Alors que le drame de Nantes attise toute les tensions, pour la première fois cette année, l'IGPN s'était lancée dans une démarche de transparence. Le 26 juin, l'Inspection Générale de la Police Nationale a rendu public le nombre de personnes tuées lors d'interventions policières : 14 morts depuis juillet 2017. Ce chiffre inclut notamment le terroriste abattu dans le quartier de l'Opéra à Paris en mai dernier, et d'autres personnes s'étant suicidées ou ayant trouvé la mort en prenant la fuite. Selon le chercheur Jacques de Maillard, professeur des universités en science politique, auteur notamment de l'ouvrage "Polices Comparées", "on peut difficilement dire qu'on a une police en France qui fait usage de la force tous azimuts ou de manière incontrôlée. Le nombre de morts reste limité. On n'est pas du tout comme aux Etats-Unis, qui enregistrent de l'ordre de 1000 morts par an". 

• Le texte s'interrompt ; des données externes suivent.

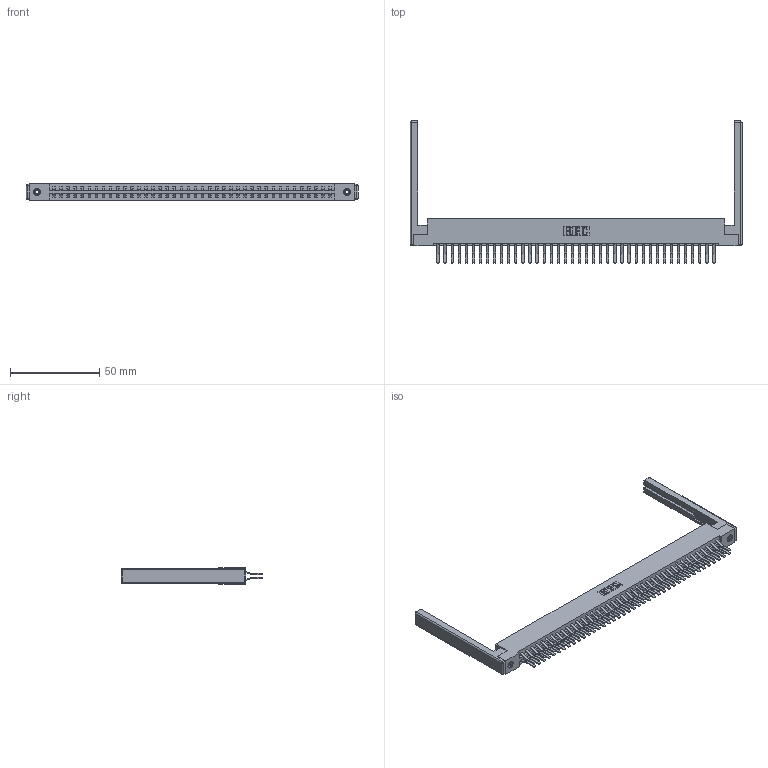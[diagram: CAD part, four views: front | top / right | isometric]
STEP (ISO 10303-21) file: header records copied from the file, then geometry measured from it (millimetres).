
FILE_DESCRIPTION (( 'STEP AP203' ), '1' );
FILE_NAME ('337-080-560-268.STEP', '2019-10-10T12:41:07', ( '' ), ( '' ), 'SwSTEP 2.0', 'SolidWorks 2016', '' );
FILE_SCHEMA (( 'CONFIG_CONTROL_DESIGN' ));
Length unit declared in the file: inch
Products named in the file (5): 345-250-001_345-250-001-102; 337-080-560-268; 307-220-068; 337 Part_Flush Mounting Lugs - 0.156 Dia-TI; 345-292-001_560 Tail
Assembly tree (85 placements, depth 2):
  337-080-560-268
    337 Part_Flush Mounting Lugs - 0.156 Dia-TI
    345-292-001_560 Tail  x80
    345-250-001_345-250-001-102  x2
    307-220-068  x2
Bounding box: 185.93 x 79.52 x 9.4 mm (x, y, z)
Volume: 24477.1 mm3; surface area: 28247 mm2
Topology: 85 solids, 85 shells, 4748 faces, 14061 edges, 9246 vertices
Faces by surface type: plane 3198, cylinder 1526, cone 12, sphere 8, torus 4
Entity records: 34120 total; most frequent: CARTESIAN_POINT 5715, ORIENTED_EDGE 5640, DIRECTION 4938, EDGE_CURVE 2820, LINE 2638, VECTOR 2638, VERTEX_POINT 1870, AXIS2_PLACEMENT_3D 1150
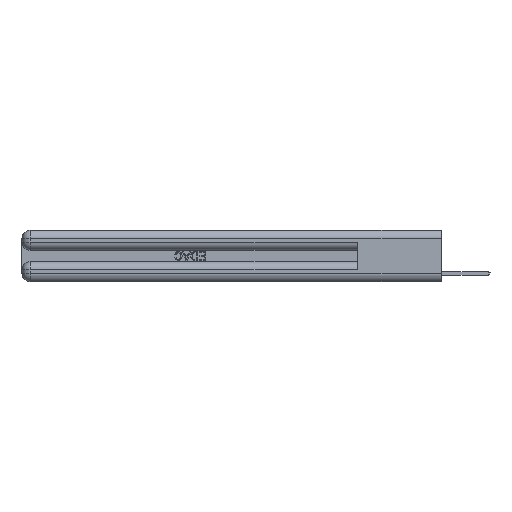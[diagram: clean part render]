
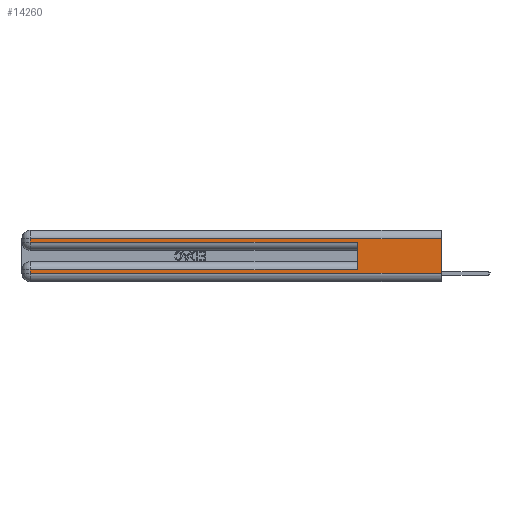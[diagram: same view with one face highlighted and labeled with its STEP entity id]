
A CAD part, left-side view. The second image highlights one B-rep face of the part: STEP entity #14260.
In plain terms, the highlighted planar face has unit normal (-1, 0, 0).
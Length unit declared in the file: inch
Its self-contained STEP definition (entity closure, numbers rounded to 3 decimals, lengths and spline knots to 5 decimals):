
#330 = CARTESIAN_POINT ( 'NONE',  ( 0., 0., 0.285 ) ) ;
#451 = LINE ( 'NONE', #746, #28197 ) ;
#746 = CARTESIAN_POINT ( 'NONE',  ( 0., 0.6, 0.145 ) ) ;
#761 = DIRECTION ( 'NONE',  ( 0., 1., 0. ) ) ;
#969 = VECTOR ( 'NONE', #25987, 39.37008 ) ;
#1002 = VERTEX_POINT ( 'NONE', #11687 ) ;
#1419 = LINE ( 'NONE', #12289, #25534 ) ;
#2130 = DIRECTION ( 'NONE',  ( 0., 0., -1. ) ) ;
#2794 = VERTEX_POINT ( 'NONE', #22962 ) ;
#2935 = LINE ( 'NONE', #11737, #20158 ) ;
#4661 = EDGE_CURVE ( 'NONE', #17708, #2794, #22642, .T. ) ;
#5091 = ORIENTED_EDGE ( 'NONE', *, *, #17138, .F. ) ;
#5491 = ORIENTED_EDGE ( 'NONE', *, *, #16500, .T. ) ;
#5612 = CARTESIAN_POINT ( 'NONE',  ( 0., 2.94, 0.37 ) ) ;
#5658 = CARTESIAN_POINT ( 'NONE',  ( 0., 0., 0.06 ) ) ;
#5917 = EDGE_CURVE ( 'NONE', #13812, #17708, #11836, .T. ) ;
#6360 = VECTOR ( 'NONE', #23069, 39.37008 ) ;
#7312 = ORIENTED_EDGE ( 'NONE', *, *, #24206, .T. ) ;
#7314 = AXIS2_PLACEMENT_3D ( 'NONE', #14499, #27528, #18728 ) ;
#7470 = VECTOR ( 'NONE', #761, 39.37008 ) ;
#8201 = CARTESIAN_POINT ( 'NONE',  ( 0., 0., 0.085 ) ) ;
#8239 = ORIENTED_EDGE ( 'NONE', *, *, #5917, .T. ) ;
#8325 = CARTESIAN_POINT ( 'NONE',  ( 0., 2.94, 0.285 ) ) ;
#10280 = CARTESIAN_POINT ( 'NONE',  ( 0., 0.6, 0.085 ) ) ;
#10772 = VECTOR ( 'NONE', #25434, 39.37008 ) ;
#11687 = CARTESIAN_POINT ( 'NONE',  ( 0., 2.94, 0.06 ) ) ;
#11737 = CARTESIAN_POINT ( 'NONE',  ( 0., 2.94, 0.37 ) ) ;
#11836 = LINE ( 'NONE', #5612, #10772 ) ;
#12018 = FACE_OUTER_BOUND ( 'NONE', #28008, .T. ) ;
#12289 = CARTESIAN_POINT ( 'NONE',  ( 0., 0., 0.37 ) ) ;
#12686 = EDGE_CURVE ( 'NONE', #17249, #1002, #2935, .T. ) ;
#13812 = VERTEX_POINT ( 'NONE', #17478 ) ;
#14260 = ADVANCED_FACE ( 'NONE', ( #12018 ), #23301, .F. ) ;
#14492 = DIRECTION ( 'NONE',  ( 0., -1., 0. ) ) ;
#14499 = CARTESIAN_POINT ( 'NONE',  ( 0., 0., 0.37 ) ) ;
#14530 = CARTESIAN_POINT ( 'NONE',  ( 0., 0., 0.06 ) ) ;
#15000 = LINE ( 'NONE', #8201, #969 ) ;
#16500 = EDGE_CURVE ( 'NONE', #24735, #17249, #15000, .T. ) ;
#16930 = CARTESIAN_POINT ( 'NONE',  ( 0., 0., 0.31 ) ) ;
#17124 = CARTESIAN_POINT ( 'NONE',  ( 0., 0., 0.31 ) ) ;
#17138 = EDGE_CURVE ( 'NONE', #26642, #23836, #1419, .T. ) ;
#17249 = VERTEX_POINT ( 'NONE', #27020 ) ;
#17478 = CARTESIAN_POINT ( 'NONE',  ( 0., 2.94, 0.31 ) ) ;
#17708 = VERTEX_POINT ( 'NONE', #8325 ) ;
#18728 = DIRECTION ( 'NONE',  ( 0., 0., -1. ) ) ;
#19186 = ORIENTED_EDGE ( 'NONE', *, *, #4661, .T. ) ;
#19221 = ORIENTED_EDGE ( 'NONE', *, *, #27101, .F. ) ;
#20158 = VECTOR ( 'NONE', #26962, 39.37008 ) ;
#20686 = LINE ( 'NONE', #17124, #7470 ) ;
#20938 = VECTOR ( 'NONE', #14492, 39.37008 ) ;
#21988 = EDGE_CURVE ( 'NONE', #26642, #13812, #20686, .T. ) ;
#22612 = DIRECTION ( 'NONE',  ( 0., 0., 1. ) ) ;
#22642 = LINE ( 'NONE', #330, #6360 ) ;
#22962 = CARTESIAN_POINT ( 'NONE',  ( 0., 0.6, 0.285 ) ) ;
#23069 = DIRECTION ( 'NONE',  ( 0., -1., 0. ) ) ;
#23301 = PLANE ( 'NONE',  #7314 ) ;
#23672 = ORIENTED_EDGE ( 'NONE', *, *, #12686, .T. ) ;
#23836 = VERTEX_POINT ( 'NONE', #14530 ) ;
#24203 = ORIENTED_EDGE ( 'NONE', *, *, #21988, .T. ) ;
#24206 = EDGE_CURVE ( 'NONE', #1002, #23836, #25754, .T. ) ;
#24735 = VERTEX_POINT ( 'NONE', #10280 ) ;
#25434 = DIRECTION ( 'NONE',  ( 0., 0., -1. ) ) ;
#25534 = VECTOR ( 'NONE', #2130, 39.37008 ) ;
#25754 = LINE ( 'NONE', #5658, #20938 ) ;
#25987 = DIRECTION ( 'NONE',  ( 0., 1., 0. ) ) ;
#26642 = VERTEX_POINT ( 'NONE', #16930 ) ;
#26962 = DIRECTION ( 'NONE',  ( 0., 0., -1. ) ) ;
#27020 = CARTESIAN_POINT ( 'NONE',  ( 0., 2.94, 0.085 ) ) ;
#27101 = EDGE_CURVE ( 'NONE', #24735, #2794, #451, .T. ) ;
#27528 = DIRECTION ( 'NONE',  ( 1., 0., 0. ) ) ;
#28008 = EDGE_LOOP ( 'NONE', ( #5091, #24203, #8239, #19186, #19221, #5491, #23672, #7312 ) ) ;
#28197 = VECTOR ( 'NONE', #22612, 39.37008 ) ;
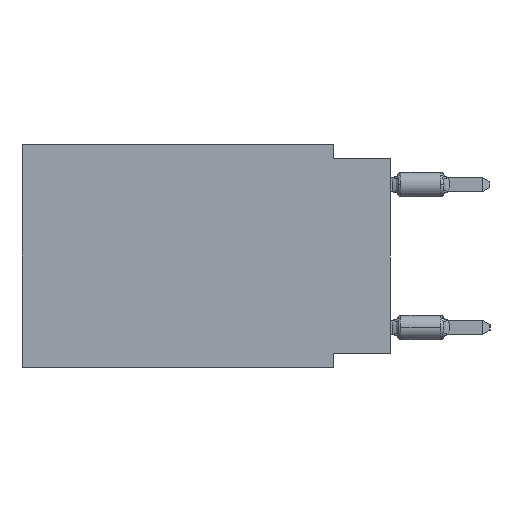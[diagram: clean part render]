
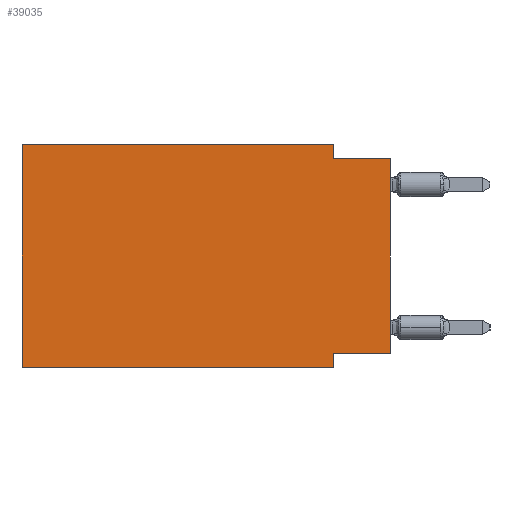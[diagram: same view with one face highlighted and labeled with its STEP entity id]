
A CAD part, left-side view. The second image highlights one B-rep face of the part: STEP entity #39035.
In plain terms, the highlighted planar face has unit normal (-1, 0, 0).
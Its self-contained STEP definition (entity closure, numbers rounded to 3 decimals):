
#105 = ORIENTED_EDGE ( 'NONE', *, *, #48304, .T. ) ;
#762 = LINE ( 'NONE', #46467, #42029 ) ;
#1627 = ORIENTED_EDGE ( 'NONE', *, *, #37701, .T. ) ;
#2563 = VERTEX_POINT ( 'NONE', #20298 ) ;
#2653 = ORIENTED_EDGE ( 'NONE', *, *, #45761, .F. ) ;
#3974 = EDGE_CURVE ( 'NONE', #12140, #48901, #36469, .T. ) ;
#4877 = LINE ( 'NONE', #32110, #28560 ) ;
#4962 = VERTEX_POINT ( 'NONE', #5240 ) ;
#5240 = CARTESIAN_POINT ( 'NONE',  ( 0., 16.383, -9.906 ) ) ;
#5366 = DIRECTION ( 'NONE',  ( 0., -1., 0. ) ) ;
#5909 = CARTESIAN_POINT ( 'NONE',  ( 0., 2.54, -9.271 ) ) ;
#6235 = DIRECTION ( 'NONE',  ( 0., 0., -1. ) ) ;
#6507 = EDGE_CURVE ( 'NONE', #4962, #16971, #41945, .T. ) ;
#6918 = CARTESIAN_POINT ( 'NONE',  ( 0., 16.383, -9.906 ) ) ;
#9721 = LINE ( 'NONE', #24976, #49363 ) ;
#9735 = CARTESIAN_POINT ( 'NONE',  ( 0., 16.383, 0. ) ) ;
#10212 = CARTESIAN_POINT ( 'NONE',  ( 0., 0., -9.271 ) ) ;
#11698 = LINE ( 'NONE', #23708, #32385 ) ;
#12140 = VERTEX_POINT ( 'NONE', #35233 ) ;
#13658 = ORIENTED_EDGE ( 'NONE', *, *, #49325, .F. ) ;
#13736 = VECTOR ( 'NONE', #17698, 1000. ) ;
#14512 = CARTESIAN_POINT ( 'NONE',  ( 0., 0., -0.635 ) ) ;
#15285 = ORIENTED_EDGE ( 'NONE', *, *, #42276, .F. ) ;
#16442 = AXIS2_PLACEMENT_3D ( 'NONE', #9735, #40223, #36986 ) ;
#16971 = VERTEX_POINT ( 'NONE', #20669 ) ;
#17698 = DIRECTION ( 'NONE',  ( 0., 1., 0. ) ) ;
#20298 = CARTESIAN_POINT ( 'NONE',  ( 0., 2.54, -0.635 ) ) ;
#20669 = CARTESIAN_POINT ( 'NONE',  ( 0., 16.383, 0. ) ) ;
#23708 = CARTESIAN_POINT ( 'NONE',  ( 0., 16.383, 0. ) ) ;
#24976 = CARTESIAN_POINT ( 'NONE',  ( 0., 2.54, -9.906 ) ) ;
#25917 = LINE ( 'NONE', #6918, #34684 ) ;
#27039 = EDGE_LOOP ( 'NONE', ( #105, #13658, #46182, #15285, #37111, #1627, #2653, #39249 ) ) ;
#28560 = VECTOR ( 'NONE', #5366, 1000. ) ;
#30239 = DIRECTION ( 'NONE',  ( 0., -1., 0. ) ) ;
#30764 = DIRECTION ( 'NONE',  ( 0., 0., 1. ) ) ;
#31223 = CARTESIAN_POINT ( 'NONE',  ( 0., 16.383, 0. ) ) ;
#32075 = EDGE_CURVE ( 'NONE', #33069, #2563, #39635, .T. ) ;
#32110 = CARTESIAN_POINT ( 'NONE',  ( 0., 0., -0.635 ) ) ;
#32385 = VECTOR ( 'NONE', #30239, 1000. ) ;
#32506 = FACE_OUTER_BOUND ( 'NONE', #27039, .T. ) ;
#32926 = DIRECTION ( 'NONE',  ( 0., -1., 0. ) ) ;
#33069 = VERTEX_POINT ( 'NONE', #40753 ) ;
#34684 = VECTOR ( 'NONE', #32926, 1000. ) ;
#35233 = CARTESIAN_POINT ( 'NONE',  ( 0., 0., -9.271 ) ) ;
#35407 = CARTESIAN_POINT ( 'NONE',  ( 0., 2.54, 0. ) ) ;
#36469 = LINE ( 'NONE', #10212, #13736 ) ;
#36986 = DIRECTION ( 'NONE',  ( 0., 0., -1. ) ) ;
#37111 = ORIENTED_EDGE ( 'NONE', *, *, #6507, .F. ) ;
#37701 = EDGE_CURVE ( 'NONE', #4962, #38820, #25917, .T. ) ;
#38820 = VERTEX_POINT ( 'NONE', #39492 ) ;
#39035 = ADVANCED_FACE ( 'NONE', ( #32506 ), #43972, .F. ) ;
#39249 = ORIENTED_EDGE ( 'NONE', *, *, #3974, .F. ) ;
#39492 = CARTESIAN_POINT ( 'NONE',  ( 0., 2.54, -9.906 ) ) ;
#39631 = VECTOR ( 'NONE', #42937, 1000. ) ;
#39635 = LINE ( 'NONE', #35407, #41206 ) ;
#40223 = DIRECTION ( 'NONE',  ( 1., 0., 0. ) ) ;
#40543 = VERTEX_POINT ( 'NONE', #14512 ) ;
#40753 = CARTESIAN_POINT ( 'NONE',  ( 0., 2.54, 0. ) ) ;
#41206 = VECTOR ( 'NONE', #43620, 1000. ) ;
#41945 = LINE ( 'NONE', #31223, #39631 ) ;
#42029 = VECTOR ( 'NONE', #30764, 1000. ) ;
#42276 = EDGE_CURVE ( 'NONE', #16971, #33069, #11698, .T. ) ;
#42937 = DIRECTION ( 'NONE',  ( 0., 0., 1. ) ) ;
#43620 = DIRECTION ( 'NONE',  ( 0., 0., -1. ) ) ;
#43972 = PLANE ( 'NONE',  #16442 ) ;
#45761 = EDGE_CURVE ( 'NONE', #48901, #38820, #9721, .T. ) ;
#46182 = ORIENTED_EDGE ( 'NONE', *, *, #32075, .F. ) ;
#46467 = CARTESIAN_POINT ( 'NONE',  ( 0., 0., 0. ) ) ;
#48304 = EDGE_CURVE ( 'NONE', #12140, #40543, #762, .T. ) ;
#48901 = VERTEX_POINT ( 'NONE', #5909 ) ;
#49325 = EDGE_CURVE ( 'NONE', #2563, #40543, #4877, .T. ) ;
#49363 = VECTOR ( 'NONE', #6235, 1000. ) ;

Le rapport dévoile aussi un recours aux armes à feu chez les policiers qui a explosé : +54 % entre 2016 et 2017, soit 394 utilisations. Ce chiffre est cependant difficilement interprétable pour l'universitaire Jacques de Maillard, qui souligne que cet indicateur est tout récent, et que cette hausse apparente pourrait être due à une meilleure remontée de l'information. 

La force, cela peut aller des menottes, à donner un ordre, à l'utilisation d'une arme. Au delà des conditions de sommation, la philosophie de la désescalade doit être encouragée
Jacques de Maillard, chercheur sur les questions policières


Pour autant, il attire l'attention sur la nouvelle loi de février 2017, de libéralisation de l'usage des armes à feu pour les policiers, désormais alignée sur celle des gendarmes. Les policiers peuvent depuis février 2017 faire usage de leur arme après sommation, pour défendre par exemple des lieux qu'ils occupent, ou "lorsqu'ils ne peuvent immobiliser, autrement que par l'usage des armes, des véhicules, dont les conducteurs n'obtempèrent pas à l'ordre d'arrêt et dont les occupants sont susceptibles de perpétrer, dans leur fuite, des atteintes à leur vie ou à leur intégrité physique ou à celles d'autrui".

Si certains estiment que dans les faits, la loi a peu d'effets, l'usage des armes étant toujours régie par la condition  "d'absolue nécessité et de manière strictement proportionnée" (Loi n° 2017-258), pour le Collectif Urgence notre police assassine, c'est l'équivalent d'"un permis de tuer, avec une violence qui va augmenter des deux côtés, avec des policiers qui vont s'octroyer plus de droits".
  

Philosophie de la désescalade

L'affaire de Nantes montre comment un évènement  mineur dérape, et devient dramatique. Elle commence par un contrôle routier, tout comme l'affaire Théo commence par exemple par un contrôle d'identité. C'est justement là que se situe le noeud. Comment la police doit-elle faire usage de la force et du pouvoir dont elle dispose? Comment la police doit-elle gérer son action ordinnaire?

"La force, cela peut aller des menottes, à donner un ordre, à l'utilisation d'une arme. Au delà des conditions de sommation, la philosophie de la désescalade doit être encouragée" estime Jacques de Maillard.

Une partie de l'enjeu se situe au niveau des relations quotidiennes entre police et population, avec ce qu'elles comportent de conflit, et déjà, de violence.